I love it when history is used in standup acts or other comedy. I like to think that it means we are such a historically literate society that we find jokes about George Washington funny, but it probably means I'm just a geek.
Anyways, two recent history comedy occurrences brought this to mind. The first was on Last Comic Standing last night. Comedian Gary Gulman's act claimed that he had a dream where he was a history professor at an elite university in the Northeast and he was having problems with his girlfriend because she was failing his class. When she came to his office hours and offered to do anything to pass his class, he got all excited and told her to write a 12 page paper on the industrial revolution and get a 70 on the final. Yea... the industrial revolution that is what turns history profs on. (Okay - my explanation is not quite as funny as actually watching the act.)
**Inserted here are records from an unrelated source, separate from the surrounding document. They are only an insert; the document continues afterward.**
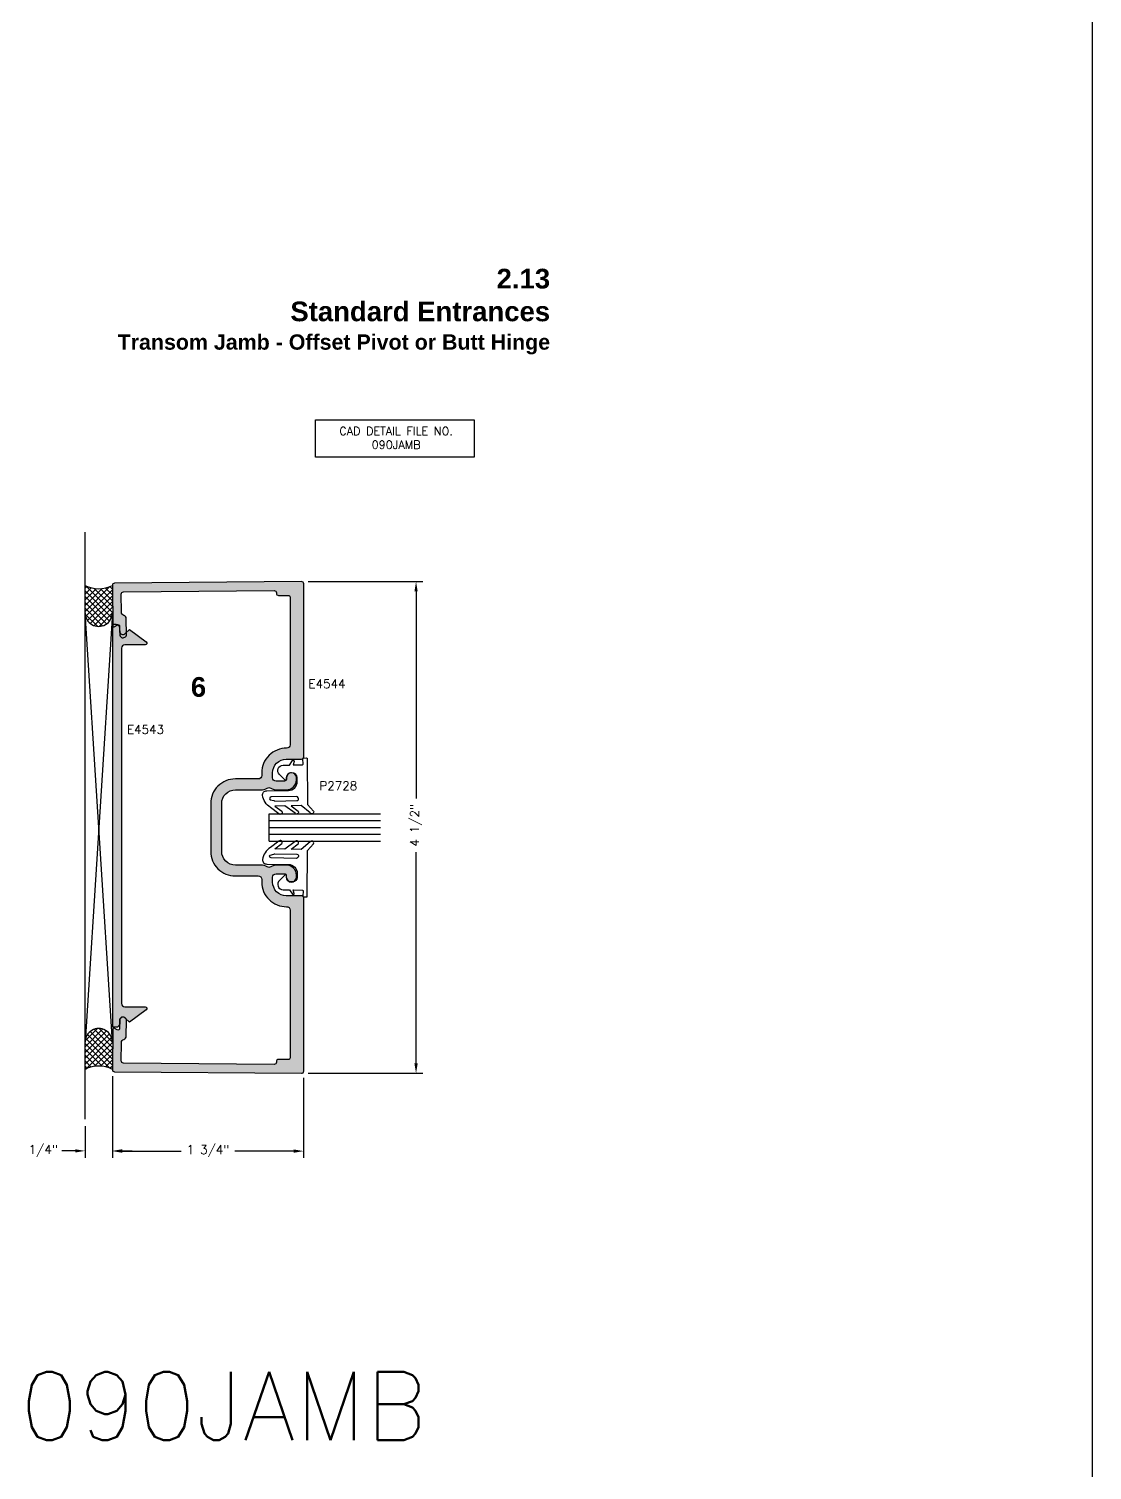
# Model space of a CAD drawing. Extents: x 0 to 130, y 0 to 90.
# Drawn here: x 113.18 to 122.91, y 45.28 to 58.47 of the extents above; entities that cross this region are included whole.
import ezdxf

# ---------------------------------------------------------------- set-up
doc = ezdxf.new("R2010")
doc.units = 0
doc.header["$MEASUREMENT"] = 0
doc.header["$PDMODE"] = 3
doc.layers.get('0').update_dxf_attribs({"linetype": 'CONTINUOUS'})
doc.layers.get('DEFPOINTS').update_dxf_attribs({"linetype": 'CONTINUOUS'})
for name, color, linetype in [('R-ANNO-DIMS', 3, 'CONTINUOUS'), ('R-ANNO-TEXT', 6, 'CONTINUOUS'), ('R-DET1', 4, 'CONTINUOUS'), ('R-DET2', 2, 'CONTINUOUS'), ('R-DET3', 5, 'CONTINUOUS'), ('R-OTLN', 1, 'CONTINUOUS'), ('R-PAT1', 5, 'CONTINUOUS'), ('TITLE', 7, 'CONTINUOUS')]:
    doc.layers.add(name, color=color, linetype=linetype)
doc.styles.get("Standard").update_dxf_attribs({"font": 'simplex'})
doc.dimstyles.new('1X', dxfattribs={"dimscale": 0, "dimtxt": 0.08, "dimasz": 0.09, "dimexe": 0.062, "dimexo": 0.062, "dimgap": 0.045, "dimtad": 0, "dimdec": 4, "dimzin": 4, "dimtxsty": 'STANDARD', "dimcen": 0, "dimazin": 3, "dimtp": 0.02, "dimtfac": 1, "dimtdec": 4, "dimtofl": 0, "dimtmove": 0, "dimatfit": 3, "dimtolj": 1, "dimtzin": 4})
pattern_1 = [(0, (110.191331, 46.42024), (0.009375, 0.01875), [0, -0.01875])]

# ---------------------------------------------------------------- blocks, each defined once
blk = doc.blocks.new('*D92')
at = {"layer": 'DEFPOINTS', "color": 0}
for p in [(113.948, 48.946), (113.698, 48.49), (113.948, 48.201)]:
    blk.add_point(p, dxfattribs=at)
at = {"layer": 'R-ANNO-DIMS', "color": 0}
for p, q in [((113.948, 48.884), (113.948, 48.139)), ((113.698, 48.428), (113.698, 48.139)), ((113.608, 48.201), (113.486, 48.201)), ((114.038, 48.201), (114.128, 48.201))]:
    blk.add_line(p, q, dxfattribs=at)
for points in [[(113.608, 48.216), (113.608, 48.186), (113.698, 48.201)], [(114.038, 48.216), (114.038, 48.186), (113.948, 48.201)]]:
    blk.add_solid(points, dxfattribs=at)
at = {"layer": 'R-ANNO-DIMS', "color": 0, "insert": (113.316, 48.201), "char_height": 0.08, "attachment_point": 5}
blk.add_mtext('\\A1;1/4"', dxfattribs=at)
blk = doc.blocks.new('*D93')
at = {"layer": 'DEFPOINTS', "color": 0}
for p in [(113.948, 48.946), (115.697, 48.931), (115.697, 48.199)]:
    blk.add_point(p, dxfattribs=at)
at = {"layer": 'R-ANNO-DIMS', "color": 0}
for p, q in [((113.948, 48.884), (113.948, 48.137)), ((115.697, 48.869), (115.697, 48.137)), ((114.038, 48.199), (114.577, 48.199)), ((115.607, 48.199), (115.067, 48.199))]:
    blk.add_line(p, q, dxfattribs=at)
for points in [[(114.038, 48.214), (114.038, 48.184), (113.948, 48.199)], [(115.607, 48.214), (115.607, 48.184), (115.697, 48.199)]]:
    blk.add_solid(points, dxfattribs=at)
at = {"layer": 'R-ANNO-DIMS', "color": 0, "insert": (114.822, 48.199), "char_height": 0.08, "attachment_point": 5}
blk.add_mtext('\\A1;1 3/4"', dxfattribs=at)
blk = doc.blocks.new('*D94')
at = {"layer": 'DEFPOINTS', "color": 0}
for p in [(115.677, 53.41), (116.725, 53.41), (115.677, 48.911)]:
    blk.add_point(p, dxfattribs=at)
at = {"layer": 'R-ANNO-DIMS', "color": 0}
for p, q in [((115.739, 53.41), (116.787, 53.41)), ((116.725, 53.32), (116.725, 51.425)), ((116.725, 49.001), (116.725, 50.935)), ((115.739, 48.911), (116.787, 48.911))]:
    blk.add_line(p, q, dxfattribs=at)
for points in [[(116.71, 53.32), (116.74, 53.32), (116.725, 53.41)], [(116.71, 49.001), (116.74, 49.001), (116.725, 48.911)]]:
    blk.add_solid(points, dxfattribs=at)
at = {"layer": 'R-ANNO-DIMS', "color": 0, "insert": (116.725, 51.18), "char_height": 0.08, "attachment_point": 5, "rotation": 90}
blk.add_mtext('\\A1;4 1/2"', dxfattribs=at)

msp = doc.modelspace()

# ---------------------------------------------------------------- hatches: boundary and pattern name
at = {"layer": 'R-PAT1'}
h = msp.add_hatch(dxfattribs=at)
h.set_pattern_fill('ANSI37', color=256, scale=0.3, angle=-90, style=0)
h.set_pattern_definition([(315, (106.8975, 55.883245), (0.0265165, 0.0265165), []), (45, (106.8975, 55.883245), (-0.0265165, 0.0265165), [])])
h.paths.add_polyline_path([(113.9476173, 53.3754011, -0.2499996235), (113.6976173, 53.3754011), (113.6976173, 53.1254501), (113.6985961, 53.1097884, 0.8820054923), (113.9466384, 53.1097884), (113.9476171, 53.125447)])
h = msp.add_hatch(dxfattribs=at)
h.set_pattern_fill('DOTS', color=256, scale=0.3, style=0)
h.set_pattern_definition(pattern_1)
edge = h.paths.add_edge_path()
edge.add_arc((115.6773761, 51.8056718), 0.02, 270, 360)
edge.add_line((115.6973761, 51.8056718), (115.6973761, 53.3904965))
edge.add_arc((115.6773761, 53.3904965), 0.02, 0, 90.5)
edge.add_line((115.6772016, 53.4104957), (113.967442, 53.3955749))
edge.add_arc((113.9676165, 53.3755756), 0.02, 90.5, 180.5)
edge.add_line((113.9476173, 53.3754011), (113.9508648, 53.0032716))
edge.add_arc((113.9588645, 53.0033414), 0.008, 180.5, 300.50010917)
edge.add_line((113.9629248, 52.9964484), (113.9912801, 53.013151))
edge.add_arc((113.9988932, 53.0002266), 0.015, 0.5, 120.50010917, ccw=False)
edge.add_line((114.0138926, 53.0003575), (114.0145331, 52.9269681))
edge.add_arc((114.045532, 52.9272377), 0.031, 180.49846597, 360.50153403)
edge.add_line((114.0765308, 52.9275091), (114.0752796, 53.0708767))
edge.add_arc((114.0442808, 53.0706062), 0.031, 0.50003529, 74.58605056)
edge.add_arc((114.0607598, 53.1303761), 0.031, 180.5, 254.58605056, ccw=False)
edge.add_line((114.029761, 53.1301055), (114.0283123, 53.2961023))
edge.add_arc((114.0483116, 53.2962768), 0.02, 90.5, 180.5, ccw=False)
edge.add_line((114.048137, 53.316276), (115.4272016, 53.3283109))
edge.add_arc((115.4273761, 53.3083117), 0.02, 0, 90.5, ccw=False)
edge.add_line((115.4473761, 53.3083117), (115.4473761, 53.3036606))
edge.add_arc((115.4673761, 53.3036606), 0.02, 180, 270.5)
edge.add_line((115.4675506, 53.2836613), (115.5572452, 53.2844441))
edge.add_arc((115.5573761, 53.2694447), 0.015, 0, 90.5, ccw=False)
edge.add_line((115.5723761, 53.2694447), (115.5723761, 51.916654))
edge.add_arc((115.5413761, 51.916654), 0.031, -90.67573769, 0, ccw=False)
edge.add_arc((115.5383569, 51.6606718), 0.225, 89.32426231, 180)
edge.add_line((115.3133569, 51.6606718), (115.3133569, 51.6357035))
edge.add_arc((115.2823569, 51.6357035), 0.031, -90, 0, ccw=False)
edge.add_line((115.2823569, 51.6047035), (115.0723761, 51.6047035))
edge.add_arc((115.0723761, 51.3797035), 0.225, 90, 180)
edge.add_line((114.8473761, 51.3797035), (114.8473761, 51.1606718))
edge.add_line((114.8473761, 51.1606718), (114.8473761, 50.94164))
edge.add_arc((115.0723761, 50.94164), 0.225, 180, 270)
edge.add_line((115.0723761, 50.71664), (115.2823569, 50.71664))
edge.add_arc((115.2823569, 50.68564), 0.031, 0, 90, ccw=False)
edge.add_line((115.3133569, 50.68564), (115.3133569, 50.6606718))
edge.add_arc((115.5383569, 50.6606718), 0.225, 180, 270.67573769)
edge.add_arc((115.5413761, 50.4046896), 0.031, 0, 90.67573769, ccw=False)
edge.add_line((115.5723761, 50.4046896), (115.5723761, 49.0518989))
edge.add_arc((115.5573761, 49.0518989), 0.015, 269.5, 360, ccw=False)
edge.add_line((115.5572452, 49.0368994), (115.4675506, 49.0376822))
edge.add_arc((115.4673761, 49.0176829), 0.02, 89.5, 180)
edge.add_line((115.4473761, 49.0176829), (115.4473761, 49.0130318))
edge.add_arc((115.4273761, 49.0130318), 0.02, 269.5, 360, ccw=False)
edge.add_line((115.4272016, 48.9930326), (114.048137, 49.0050675))
edge.add_arc((114.0483116, 49.0250667), 0.02, 179.5, 269.5, ccw=False)
edge.add_line((114.0283123, 49.0252413), (114.029761, 49.191238))
edge.add_arc((114.0607598, 49.1909675), 0.031, 105.4139155, 179.5, ccw=False)
edge.add_arc((114.0442808, 49.2507374), 0.031, 285.4139155, 359.49997883)
edge.add_line((114.0752796, 49.2504668), (114.0765308, 49.3938345))
edge.add_arc((114.045532, 49.3941059), 0.031, 359.49837345, 539.50162655)
edge.add_line((114.0145331, 49.3943756), (114.0138926, 49.320986))
edge.add_arc((113.9988932, 49.3211169), 0.015, 239.49995903, 359.5, ccw=False)
edge.add_line((113.9912801, 49.3081925), (113.9629248, 49.3248951))
edge.add_arc((113.9588645, 49.318002), 0.008, 59.49995903, 179.5)
edge.add_line((113.9508648, 49.3180718), (113.9476173, 48.9459424))
edge.add_arc((113.9676165, 48.9457679), 0.02, 179.5, 269.5)
edge.add_line((113.967442, 48.9257687), (115.6772016, 48.9108478))
edge.add_arc((115.6773761, 48.9308471), 0.02, 269.5, 360)
edge.add_line((115.6973761, 48.9308471), (115.6973761, 50.5156718))
edge.add_arc((115.6773761, 50.5156718), 0.02, 0, 90)
edge.add_line((115.6773761, 50.5356718), (115.5383569, 50.5356718))
edge.add_arc((115.5383569, 50.6606718), 0.125, 180, 270, ccw=False)
edge.add_line((115.4133569, 50.6606718), (115.4133569, 50.70564))
edge.add_arc((115.4443569, 50.70564), 0.031, 90, 180, ccw=False)
edge.add_line((115.4443569, 50.73664), (115.5233569, 50.73664))
edge.add_arc((115.5233569, 50.72164), 0.015, 0, 90, ccw=False)
edge.add_line((115.5383569, 50.72164), (115.5383569, 50.70714))
edge.add_arc((115.5848569, 50.70714), 0.0465, 180, 360)
edge.add_line((115.6313569, 50.70714), (115.6313569, 50.72364))
edge.add_arc((115.5383569, 50.72364), 0.093, 0, 90)
edge.add_line((115.5383569, 50.81664), (115.4583569, 50.81664))
edge.add_arc((115.4583569, 50.69164), 0.125, 90, 120.05938649)
edge.add_arc((115.3802169, 50.8266591), 0.031, 237.87116048, 300.05938649, ccw=False)
edge.add_arc((115.3073569, 50.71064), 0.106, 57.87116048, 90)
edge.add_line((115.3073569, 50.81664), (115.0723761, 50.81664))
edge.add_arc((115.0723761, 50.94164), 0.125, 180, 270, ccw=False)
edge.add_line((114.9473761, 50.94164), (114.9473761, 51.1606718))
edge.add_line((114.9473761, 51.1606718), (114.9473761, 51.3797035))
edge.add_arc((115.0723761, 51.3797035), 0.125, 90, 180, ccw=False)
edge.add_line((115.0723761, 51.5047035), (115.3073569, 51.5047035))
edge.add_arc((115.3073569, 51.6107035), 0.106, 270, 302.12883952)
edge.add_arc((115.3802169, 51.4946845), 0.031, 59.94061351, 122.12883952, ccw=False)
edge.add_arc((115.4583569, 51.6297035), 0.125, 239.94061351, 270)
edge.add_line((115.4583569, 51.5047035), (115.5383569, 51.5047035))
edge.add_arc((115.5383569, 51.5977035), 0.093, 270, 360)
edge.add_line((115.6313569, 51.5977035), (115.6313569, 51.6142035))
edge.add_arc((115.5848569, 51.6142035), 0.0465, 0, 180)
edge.add_line((115.5383569, 51.6142035), (115.5383569, 51.5997035))
edge.add_arc((115.5233569, 51.5997035), 0.015, -90, 0, ccw=False)
edge.add_line((115.5233569, 51.5847035), (115.4443569, 51.5847035))
edge.add_arc((115.4443569, 51.6157035), 0.031, 180, 270, ccw=False)
edge.add_line((115.4133569, 51.6157035), (115.4133569, 51.6606718))
edge.add_arc((115.5383569, 51.6606718), 0.125, 90, 180, ccw=False)
edge.add_line((115.5383569, 51.7856718), (115.6773761, 51.7856718))
h = msp.add_hatch(dxfattribs=at)
h.set_pattern_fill('DOTS', color=256, scale=0.3, style=0)
h.set_pattern_definition(pattern_1)
edge = h.paths.add_edge_path()
edge.add_arc((114.2479858, 49.5049271), 0.015, -53.32849881, 90, ccw=False)
edge.add_line((114.2569442, 49.492896), (114.1038273, 49.3789277))
edge.add_line((114.1038273, 49.3789277), (114.0659061, 49.4168487))
edge.add_arc((114.0439857, 49.3949284), 0.031, 44.99994772, 179.99998152)
edge.add_line((114.0129857, 49.3949284), (114.0129858, 49.3629279))
edge.add_arc((113.9819858, 49.3629279), 0.031, -90.00001848, 0, ccw=False)
edge.add_line((113.9819858, 49.3319279), (113.9509857, 49.3319277))
edge.add_line((113.9509857, 49.3319277), (113.9509857, 53.0199277))
edge.add_line((113.9509857, 53.0199277), (113.9819858, 53.0199277))
edge.add_arc((113.9819858, 52.9889277), 0.031, 0, 90.00003697, ccw=False)
edge.add_line((114.0129858, 52.9889277), (114.0129857, 52.9569267))
edge.add_arc((114.0439857, 52.9569267), 0.031, 180, 315.00045742)
edge.add_line((114.0659062, 52.9350066), (114.1038273, 52.9729277))
edge.add_line((114.1038273, 52.9729277), (114.2569442, 52.8589588))
edge.add_arc((114.2479858, 52.8469277), 0.015, -90, 53.32827068, ccw=False)
edge.add_line((114.2479858, 52.8319277), (114.0619858, 52.8319277))
edge.add_arc((114.0619858, 52.8009277), 0.031, 90, 180)
edge.add_line((114.0309858, 52.8009277), (114.0309858, 49.5509276))
edge.add_arc((114.0619858, 49.5509276), 0.031, 180, 270)
edge.add_line((114.0619858, 49.5199276), (114.2479858, 49.5199271))
h = msp.add_hatch(dxfattribs=at)
h.set_pattern_fill('ANSI37', color=256, scale=0.3, angle=-90, style=0)
h.set_pattern_definition([(45, (106.8975, 46.4381), (0.0265165, -0.0265165), []), (315, (106.8975, 46.4381), (-0.0265165, -0.0265165), [])])
h.paths.add_polyline_path([(113.9476173, 48.9459424, 0.2499996235), (113.6976173, 48.9459424), (113.6976173, 49.1958934), (113.6985961, 49.2115551, -0.8820054923), (113.9466384, 49.2115551), (113.9476171, 49.1958965)])

# ---------------------------------------------------------------- linework, layer by layer
at = {"layer": 'R-ANNO-TEXT'}
msp.add_lwpolyline([(115.8058321, 54.8908786), (117.257312, 54.8908786), (117.257312, 54.5488158), (115.8058321, 54.5488158)], close=True, dxfattribs=at)
at = {"layer": 'R-DET1', "color": 4, "linetype": 'CONTINUOUS'}
msp.add_lwpolyline([(114.2479858, 49.5199271, -0.7220754185), (114.2569442, 49.492896), (114.1038273, 49.3789277), (114.0659061, 49.4168487, 0.6681788512), (114.0129857, 49.3949284), (114.0129858, 49.3629279, -0.4142136569), (113.9819858, 49.3319279), (113.9509857, 49.3319277), (113.9509857, 53.0199277), (113.9819858, 53.0199277, -0.4142137513), (114.0129858, 52.9889277), (114.0129857, 52.9569267, 0.6681815249), (114.0659062, 52.9350066), (114.1038273, 52.9729277), (114.2569442, 52.8589588, -0.7220739042), (114.2479858, 52.8319277), (114.0619858, 52.8319277, 0.4142135624), (114.0309858, 52.8009277), (114.0309858, 49.5509276, 0.4142135624), (114.0619858, 49.5199276)], format="xyb", close=True, dxfattribs=at)
at = {"layer": 'R-DET2', "extrusion": (1.22461e-16, -7.4983e-33, -1)}
for p, q in [((115.3823761, 51.0356718), (115.3823761, 51.2856718)), ((115.3823761, 51.2856718), (116.3984805, 51.2856718)), ((115.3823761, 51.2231718), (116.3984805, 51.2231718)), ((115.3823761, 51.1606718), (116.3984805, 51.1606718)), ((115.3823761, 51.0981718), (116.3984805, 51.0981718)), ((115.3823761, 51.0356718), (116.3984805, 51.0356718))]:
    msp.add_line(p, q, dxfattribs=at)
at = {"layer": 'R-DET2'}
for points in [[(115.5411621, 51.6187055), (115.5414063, 51.6047129, -0.6681786379), (115.5244613, 51.597345), (115.4753639, 51.6447578, -0.6681786379), (115.5092242, 51.7307171), (115.5680649, 51.7317442), (115.5955088, 51.7718641, -0.8363234174), (115.6098741, 51.765412), (115.6016258, 51.73233), (115.6854867, 51.7337938, 0.4142135624), (115.6913811, 51.7398976), (115.6905084, 51.78989, -0.4142135624), (115.6964028, 51.7959938), (115.7243985, 51.7964825, -0.4142135624), (115.7305023, 51.7905881), (115.7308913, 51.3720666, 0.1630378793), (115.7308913, 51.3720666), (115.7883418, 51.3091432, -0.8866576519), (115.7565381, 51.2931705), (115.6736409, 51.3610051), (115.5825528, 51.3594152), (115.6472532, 51.3110684, -0.9485134715), (115.6180633, 51.2903468), (115.5263237, 51.3584337), (115.4345238, 51.3568313), (115.4984191, 51.3087093, -0.958754735), (115.4703215, 51.2864996), (115.3936968, 51.3444241, -0.2262200796), (115.3199842, 51.4550739, -0.4142135624), (115.35928, 51.495766), (115.5592495, 51.4992564, 0.4142135624), (115.6378411, 51.5806404), (115.6371719, 51.6189814, 0.3888787319), (115.5999682, 51.6581858), (115.5839463, 51.6593062, 0.4400105309)], [(115.6455342, 51.4310704, 0.3723118187), (115.6304702, 51.4436398), (115.4002661, 51.4396216, 0.6681786379), (115.390108, 51.4138338), (115.4241593, 51.4065007, 0.1989123674), (115.434841, 51.4022931), (115.6360894, 51.4058059, 0.4573947209), (115.6506298, 51.4232319)], [(115.5411621, 50.702638), (115.5414063, 50.7166306, 0.6681786379), (115.5244613, 50.7239986), (115.4753639, 50.6765858, 0.6681786379), (115.5092242, 50.5906264), (115.5680649, 50.5895993), (115.5955088, 50.5494794, 0.8363234174), (115.6098741, 50.5559315), (115.6016258, 50.5890135), (115.6854867, 50.5875497, -0.4142135624), (115.6913811, 50.5814459), (115.6905084, 50.5314535, 0.4142135624), (115.6964028, 50.5253497), (115.7243985, 50.5248611, 0.4142135624), (115.7305023, 50.5307554), (115.7308913, 50.9492769, -0.1630378793), (115.7308913, 50.9492769), (115.7883418, 51.0122003, 0.8866576519), (115.7565381, 51.028173), (115.6736409, 50.9603384), (115.5825528, 50.9619284), (115.6472532, 51.0102751, 0.9485134715), (115.6180633, 51.0309967), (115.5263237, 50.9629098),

Second occurrence is story in the Onion titled: Wikipedia Celebrates 750 Years of American Independence. I especially liked the paragraph that explains how the U.S. defeated the British in the war:
The special anniversary tribute refutes many myths about the period and American history. According to the entry, the American Revolution was in fact instigated by Chuck Norris, who incinerated the Stamp Act by looking at it, then roundhouse-kicked the entire British army into the Atlantic Ocean. A group of Massachusetts Minutemaids then unleashed the zombie-generating T-Virus on London, crippling the British economy and severely limiting its naval capabilities.